Chikungunya News Today
Latin America, Africa and FDA approves first vaccine
Latin America
According to the latest data from the Pan American Health Organization (PAHO), 346,437 total chikungunya cases were reported, including 184,572 confirmed cases.
In addition, 350 deaths have been reported.
This compares with 262,138 total and 136,130 confirmed chikungunya cases and 87 deaths reported during the same period in 2022.
Brazil has reported the most cases in the Americas with more than 218,000 cases, followed by Paraguay with 123,000-plus cases.
Paraguay accounts for 272 of the chikungunya deaths this year.
Africa
In Africa, 23 new cases and no new deaths of chikungunya were reported from Burkina Faso this past week, according to the Africa CDC.
Cumulatively, 472 cases (237 confirmed; 235 suspected) and no deaths of chikungunya have been reported from five of 70 health districts in Burkina Faso: Pouytenga, Ouagadougou, Zorgho , Koudougou and Bobo.
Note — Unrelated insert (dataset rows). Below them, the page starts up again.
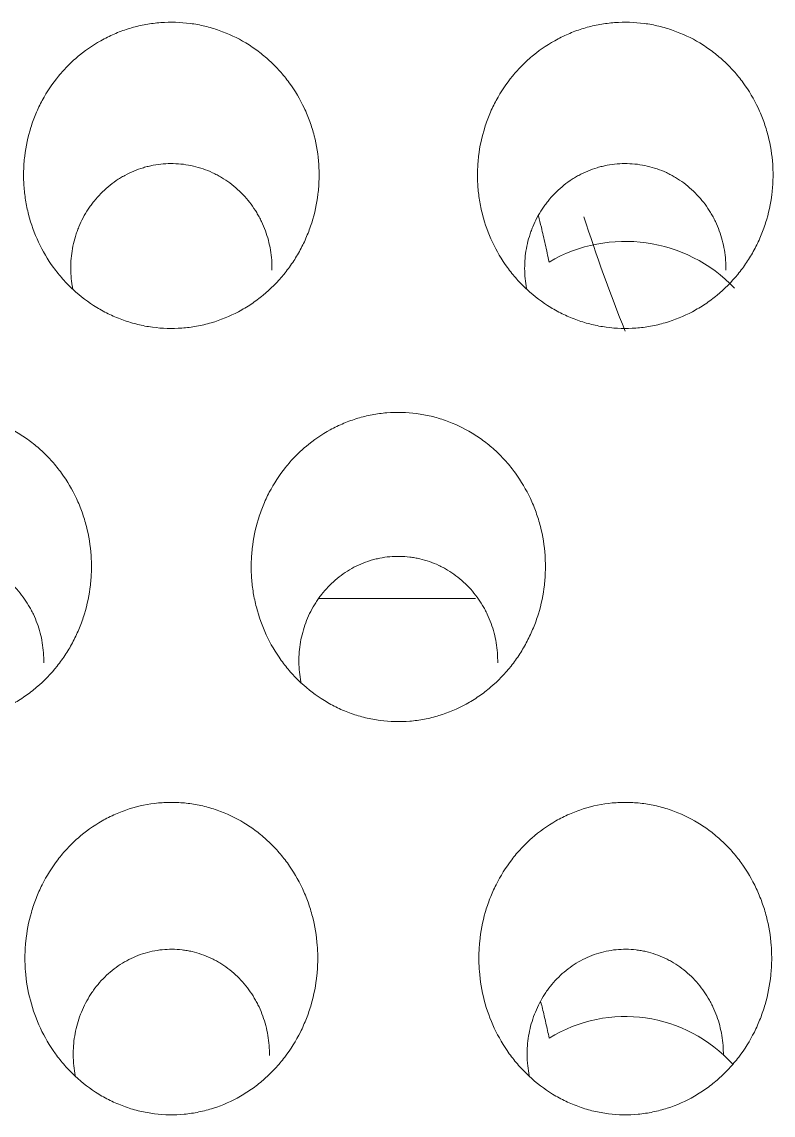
# Model space of a CAD drawing. Header units: inches. Extents: x 3778 to 56227, y -16914 to 35091.
# Drawn here: x 42629.28 to 42634.22, y -12669.03 to -12661.83 of the extents above; entities that cross this region are included whole.
import ezdxf

# ---------------------------------------------------------------- set-up
doc = ezdxf.new("R2010")
doc.units = ezdxf.units.IN
doc.header["$LTSCALE"] = 100
doc.header["$MEASUREMENT"] = 0
doc.layers.add('2-con', color=2, linetype='Continuous')
doc.layers.add('mark-B', color=2, linetype='Continuous', lineweight=20)

# ---------------------------------------------------------------- blocks, each defined once
blk = doc.blocks.new('무풍1WAY 대형')
at = {"layer": 'mark-B'}
blk.add_line((52.819, -413.3262), (51.7854, -413.3262), dxfattribs=at)
for centre, major_axis, start_param, end_param in [((50.8007, -409.5715), (0, -1.0025), 5.467013, 6.822923), ((50.8007, -414.6333), (0, -1.0449), 5.495241, 6.799449)]:
    blk.add_ellipse(centre, major_axis=major_axis, ratio=0.971746, start_param=start_param, end_param=end_param, dxfattribs=at)
for points, knots in [([(51.564, -410.3292), (51.6024, -410.3826), (51.6351, -410.4387), (51.6899, -410.5559), (51.712, -410.617), (51.7454, -410.7441), (51.7561, -410.8083), (51.7636, -410.9052), (51.7647, -410.9377), (51.7642, -410.9866), (51.7637, -411.0029), (51.7618, -411.0357), (51.7606, -411.0521), (51.7524, -411.1334), (51.7401, -411.197), (51.7132, -411.2905), (51.7029, -411.3213), (51.6792, -411.3821), (51.6658, -411.4123), (51.622, -411.4998), (51.5877, -411.5547), (51.5286, -411.632), (51.5076, -411.6569), (51.474, -411.6929), (51.4625, -411.7047), (51.439, -411.7275), (51.427, -411.7386), (51.3659, -411.7923), (51.3132, -411.83), (51.2425, -411.8703), (51.2281, -411.878), (51.1987, -411.8928), (51.1838, -411.8998), (51.1387, -411.9196), (51.1082, -411.9311), (51.0153, -411.9606), (50.9516, -411.9737), (50.8696, -411.9815), (50.8532, -411.9826), (50.8205, -411.9839), (50.8042, -411.9841), (50.7553, -411.9834), (50.6904, -411.979), (50.6261, -411.9676), (50.5782, -411.9564), (50.5622, -411.9523), (50.5306, -411.9431), (50.5151, -411.9381), (50.438, -411.9112), (50.3792, -411.8835), (50.3091, -411.841), (50.2953, -411.8321), (50.2681, -411.8136), (50.2282, -411.785), (50.1659, -411.7327), (50.1204, -411.6861), (50.0771, -411.6372), (50.0565, -411.6114), (49.9989, -411.5319), (49.966, -411.4759), (49.9315, -411.4022), (49.9249, -411.3873), (49.9124, -411.3571), (49.9065, -411.3418), (49.8898, -411.2954), (49.8802, -411.2642), (49.8557, -411.1698), (49.845, -411.1058), (49.8377, -411.0081), (49.8367, -410.9751), (49.8376, -410.9098), (49.8395, -410.8774), (49.8496, -410.7806), (49.8619, -410.7169), (49.8847, -410.6382), (49.8896, -410.6225), (49.9002, -410.5914), (49.917, -410.5454), (49.9367, -410.5009), (49.9802, -410.414), (50.0145, -410.3588), (50.0743, -410.2803), (50.0954, -410.2552), (50.1397, -410.2076), (50.186, -410.1622), (50.2367, -410.1216), (50.2764, -410.093), (50.2899, -410.0838), (50.3175, -410.066), (50.3316, -410.0574), (50.4027, -410.0165), (50.4621, -409.9902), (50.5549, -409.9603), (50.5865, -409.952), (50.6349, -409.942), (50.6511, -409.9391), (50.6835, -409.9342), (50.6998, -409.9322), (50.7809, -409.9246), (50.8459, -409.9254), (50.9274, -409.9355), (50.9437, -409.938), (50.9761, -409.9438), (51.0242, -409.9538), (51.1023, -409.9768), (51.1626, -410.0018), (51.207, -410.0229), (51.2217, -410.0304), (51.2506, -410.0461), (51.2648, -410.0543), (51.3345, -410.0971), (51.3862, -410.1366), (51.4579, -410.2036), (51.4809, -410.2273), (51.5243, -410.2767), (51.5447, -410.3025), (51.564, -410.3292)], [0, 0, 0, 0, 0.03125, 0.03125, 0.0625, 0.0625, 0.09375, 0.09375, 0.109375, 0.109375, 0.117187, 0.117187, 0.125, 0.125, 0.15625, 0.15625, 0.171875, 0.171875, 0.1875, 0.1875, 0.21875, 0.21875, 0.234375, 0.234375, 0.242187, 0.242187, 0.25, 0.25, 0.28125, 0.28125, 0.289062, 0.289062, 0.296875, 0.296875, 0.3125, 0.3125, 0.34375, 0.34375, 0.351562, 0.351562, 0.359375, 0.359375, 0.375, 0.390625, 0.390625, 0.398437, 0.398437, 0.40625, 0.40625, 0.4375, 0.4375, 0.445312, 0.445312, 0.453125, 0.46875, 0.484375, 0.484375, 0.5, 0.5, 0.53125, 0.53125, 0.539062, 0.539062, 0.546875, 0.546875, 0.5625, 0.5625, 0.59375, 0.59375, 0.609375, 0.609375, 0.625, 0.625, 0.65625, 0.65625, 0.664062, 0.664062, 0.671875, 0.6875, 0.6875, 0.71875, 0.71875, 0.734375, 0.734375, 0.75, 0.765625, 0.765625, 0.773437, 0.773437, 0.78125, 0.78125, 0.8125, 0.8125, 0.828125, 0.828125, 0.835937, 0.835937, 0.84375, 0.84375, 0.875, 0.875, 0.882812, 0.882812, 0.890625, 0.90625, 0.921875, 0.921875, 0.929687, 0.929687, 0.9375, 0.9375, 0.96875, 0.96875, 0.984375, 0.984375, 1, 1, 1, 1]), ([(54.5515, -410.3292), (54.59, -410.3826), (54.6227, -410.4387), (54.6775, -410.5559), (54.6996, -410.617), (54.7329, -410.7441), (54.7436, -410.8083), (54.7512, -410.9052), (54.7523, -410.9377), (54.7517, -410.9866), (54.7512, -411.0029), (54.7494, -411.0357), (54.7481, -411.0521), (54.7399, -411.1334), (54.7276, -411.197), (54.7008, -411.2905), (54.6904, -411.3213), (54.6667, -411.3821), (54.6533, -411.4123), (54.6095, -411.4998), (54.5753, -411.5547), (54.5162, -411.632), (54.4951, -411.6569), (54.4616, -411.6929), (54.4501, -411.7047), (54.4266, -411.7275), (54.4146, -411.7386), (54.3535, -411.7923), (54.3008, -411.83), (54.23, -411.8703), (54.2156, -411.878), (54.1863, -411.8928), (54.1713, -411.8998), (54.1263, -411.9196), (54.0958, -411.9311), (54.0029, -411.9606), (53.9392, -411.9737), (53.8572, -411.9815), (53.8408, -411.9826), (53.808, -411.9839), (53.7917, -411.9841), (53.7428, -411.9834), (53.678, -411.979), (53.6137, -411.9676), (53.5657, -411.9564), (53.5497, -411.9522), (53.5182, -411.9431), (53.5026, -411.9381), (53.4256, -411.9112), (53.3668, -411.8834), (53.2967, -411.841), (53.2828, -411.8321), (53.2556, -411.8136), (53.2157, -411.785), (53.1534, -411.7327), (53.108, -411.6861), (53.0647, -411.6372), (53.044, -411.6114), (52.9865, -411.5319), (52.9536, -411.4759), (52.9191, -411.4022), (52.9125, -411.3873), (52.9, -411.3571), (52.8941, -411.3417), (52.8774, -411.2954), (52.8678, -411.2642), (52.8432, -411.1698), (52.8326, -411.1058), (52.8252, -411.0081), (52.8242, -410.9751), (52.8252, -410.9098), (52.8271, -410.8774), (52.8371, -410.7806), (52.8495, -410.7169), (52.8722, -410.6382), (52.8772, -410.6225), (52.8877, -410.5914), (52.9045, -410.5454), (52.9243, -410.5009), (52.9678, -410.414), (53.002, -410.3588), (53.0619, -410.2803), (53.083, -410.2552), (53.1272, -410.2075), (53.1736, -410.1622), (53.2243, -410.1216), (53.2639, -410.093), (53.2774, -410.0838), (53.305, -410.066), (53.3191, -410.0574), (53.3903, -410.0165), (53.4496, -409.9902), (53.5425, -409.9603), (53.5741, -409.952), (53.6224, -409.942), (53.6387, -409.9391), (53.6711, -409.9342), (53.6873, -409.9322), (53.7685, -409.9246), (53.8335, -409.9254), (53.9149, -409.9355), (53.9313, -409.938), (53.9636, -409.9438), (54.0118, -409.9538), (54.0898, -409.9768), (54.1501, -410.0018), (54.1945, -410.0229), (54.2092, -410.0304), (54.2381, -410.0461), (54.2523, -410.0543), (54.322, -410.0971), (54.3738, -410.1366), (54.4455, -410.2036), (54.4685, -410.2273), (54.5118, -410.2767), (54.5323, -410.3025), (54.5515, -410.3292)], [0, 0, 0, 0, 0.03125, 0.03125, 0.0625, 0.0625, 0.09375, 0.09375, 0.109375, 0.109375, 0.117187, 0.117187, 0.125, 0.125, 0.15625, 0.15625, 0.171875, 0.171875, 0.1875, 0.1875, 0.21875, 0.21875, 0.234375, 0.234375, 0.242187, 0.242187, 0.25, 0.25, 0.28125, 0.28125, 0.289062, 0.289062, 0.296875, 0.296875, 0.3125, 0.3125, 0.34375, 0.34375, 0.351562, 0.351562, 0.359375, 0.359375, 0.375, 0.390625, 0.390625, 0.398437, 0.398437, 0.40625, 0.40625, 0.4375, 0.4375, 0.445312, 0.445312, 0.453125, 0.46875, 0.484375, 0.484375, 0.5, 0.5, 0.53125, 0.53125, 0.539062, 0.539062, 0.546875, 0.546875, 0.5625, 0.5625, 0.59375, 0.59375, 0.609375, 0.609375, 0.625, 0.625, 0.65625, 0.65625, 0.664063, 0.664063, 0.671875, 0.6875, 0.6875, 0.71875, 0.71875, 0.734375, 0.734375, 0.75, 0.765625, 0.765625, 0.773438, 0.773438, 0.78125, 0.78125, 0.8125, 0.8125, 0.828125, 0.828125, 0.835938, 0.835938, 0.84375, 0.84375, 0.875, 0.875, 0.882813, 0.882813, 0.890625, 0.90625, 0.921875, 0.921875, 0.929688, 0.929688, 0.9375, 0.9375, 0.96875, 0.96875, 0.984375, 0.984375, 1, 1, 1, 1]), ([(51.4319, -410.1795), (51.4334, -410.1866), (51.4347, -410.1937), (51.4396, -410.2224), (51.4424, -410.2441), (51.4451, -410.2769), (51.4457, -410.288), (51.4465, -410.3099), (51.4467, -410.3209), (51.4463, -410.3756), (51.4421, -410.4189), (51.4301, -410.4833), (51.4251, -410.5046), (51.4132, -410.5471), (51.4062, -410.5679), (51.3828, -410.6291), (51.3636, -410.6681), (51.3351, -410.7147), (51.3291, -410.7239), (51.3168, -410.742), (51.3103, -410.751), (51.2904, -410.7774), (51.2764, -410.7942), (51.2322, -410.8424), (51.1997, -410.8714), (51.1465, -410.9101), (51.1279, -410.9222), (51.0899, -410.9443), (51.051, -410.9642), (51.0104, -410.9799), (50.9688, -410.9934), (50.9475, -410.9992), (50.8826, -411.0128), (50.8391, -411.0171), (50.7736, -411.0166), (50.7517, -411.0152), (50.7188, -411.0113), (50.7078, -411.0097), (50.6861, -411.0059), (50.6753, -411.0038), (50.622, -410.9915), (50.5807, -410.9772), (50.5308, -410.9538), (50.5209, -410.9488), (50.5014, -410.9384), (50.4728, -410.9221), (50.4276, -410.8915), (50.394, -410.8634), (50.3617, -410.8335), (50.3462, -410.8176), (50.3026, -410.7684), (50.2769, -410.733), (50.2491, -410.6859), (50.2437, -410.6763), (50.2334, -410.6568), (50.2285, -410.6469), (50.2144, -410.617), (50.206, -410.5968), (50.1837, -410.5353), (50.1726, -410.4931), (50.1615, -410.4279), (50.1588, -410.406), (50.1554, -410.3621), (50.1547, -410.3401), (50.1549, -410.318)], [0, 0, 0, 0, 0.009671, 0.009671, 0.038799, 0.038799, 0.053362, 0.053362, 0.067926, 0.067926, 0.12618, 0.12618, 0.155308, 0.155308, 0.184435, 0.184435, 0.24269, 0.24269, 0.257253, 0.257253, 0.271817, 0.271817, 0.300944, 0.300944, 0.359199, 0.359199, 0.388326, 0.388326, 0.417454, 0.446581, 0.446581, 0.475708, 0.475708, 0.533963, 0.533963, 0.56309, 0.56309, 0.577654, 0.577654, 0.592218, 0.592218, 0.650472, 0.650472, 0.665036, 0.665036, 0.6796, 0.708727, 0.737854, 0.737854, 0.766981, 0.766981, 0.825236, 0.825236, 0.8398, 0.8398, 0.854363, 0.854363, 0.883491, 0.883491, 0.941745, 0.941745, 0.970873, 0.970873, 1, 1, 1, 1]), ([(54.4195, -410.1795), (54.4209, -410.1866), (54.4222, -410.1937), (54.4272, -410.2223), (54.4299, -410.244), (54.4326, -410.2769), (54.4333, -410.2879), (54.4341, -410.3099), (54.4342, -410.3209), (54.4338, -410.3756), (54.4296, -410.4189), (54.4176, -410.4833), (54.4127, -410.5046), (54.4007, -410.547), (54.3938, -410.5679), (54.3704, -410.6291), (54.3512, -410.6681), (54.3226, -410.7146), (54.3167, -410.7238), (54.3043, -410.742), (54.2979, -410.751), (54.278, -410.7774), (54.264, -410.7942), (54.2197, -410.8424), (54.1873, -410.8714), (54.1341, -410.9101), (54.1155, -410.9222), (54.0775, -410.9443), (54.0386, -410.9642), (53.9979, -410.9799), (53.9564, -410.9934), (53.9351, -410.9991), (53.8702, -411.0128), (53.8267, -411.0171), (53.7611, -411.0166), (53.7392, -411.0152), (53.7063, -411.0113), (53.6954, -411.0097), (53.6737, -411.0059), (53.6629, -411.0038), (53.6095, -410.9915), (53.5682, -410.9772), (53.5183, -410.9538), (53.5084, -410.9488), (53.489, -410.9384), (53.4604, -410.9221), (53.4151, -410.8915), (53.3815, -410.8634), (53.3493, -410.8335), (53.3337, -410.8176), (53.2901, -410.7684), (53.2645, -410.733), (53.2366, -410.6859), (53.2313, -410.6763), (53.2209, -410.6568), (53.216, -410.6469), (53.202, -410.617), (53.1936, -410.5968), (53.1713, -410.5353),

Including Burkina Faso, Africa has reported 740 cases (498 confirmed; 242 suspected) and no deaths of chikungunya since the beginning of the year— Mali (8;0) and Senegal (220; 0).
Chikungunya vaccine
Today, the U.S. Food and Drug Administration approved Ixchiq, the first chikungunya vaccine. Ixchiq is approved for individuals 18 years of age and older who are at increased risk of exposure to chikungunya virus.
Ixchiq is administered as a single dose by injection into the muscle. It contains a live, weakened version of the chikungunya virus and may cause symptoms in the vaccine recipient similar to those experienced by people who have chikungunya disease.
In addition, although not commonly reported, severe chikungunya-like adverse reactions that prevented daily activity and/or required medical intervention occurred in 1.6% of Ixchiq recipients and none of the placebo recipients. Two recipients with severe chikungunya-like adverse reactions were hospitalized. In addition, some recipients had prolonged chikungunya-like adverse reactions that lasted for at least 30 days. The Prescribing Information includes a warning to inform that the vaccine may cause severe or prolonged chikungunya-like adverse reactions.
The FDA is requiring the company to conduct a postmarketing study to assess the serious risk of severe chikungunya-like adverse reactions following administration of Ixchiq.
The effectiveness of Ixchiq is based on immune response data from a clinical study conducted in the United States in individuals 18 years of age and older. In this study, the immune response of 266 participants who received the vaccine was compared to the immune response of 96 participants who received placebo. The level of antibody evaluated in study participants was based on a level shown to be protective in non-human primates that had received blood from people who had been vaccinated. Almost all vaccine study participants achieved this antibody level.Â
Ixchiq was approved using the Accelerated Approval pathway. Accelerated approval allows the FDA to approve certain products for serious or life-threatening conditions based on evidence of a product’s effectiveness that is reasonably likely to predict clinical benefit. In the FDA’s evaluation of Ixchiq for accelerated approval, evidence of effectiveness is based on immune response data in clinical trial participants. As a condition for approval for Ixchiq, the FDA is requiring confirmatory clinical studies to be conducted to verify clinical benefit.
Chikungunya
Chikungunya is transmitted through the bite of an infected mosquito. Symptoms of chikungunya include fever, joint pain, muscle pain, headache, and rash. Symptoms typically appear 3-7 days after being bitten, but can develop up to 12 days after exposure. Most people recover within a week; however, joint pain can sometimes persist for months.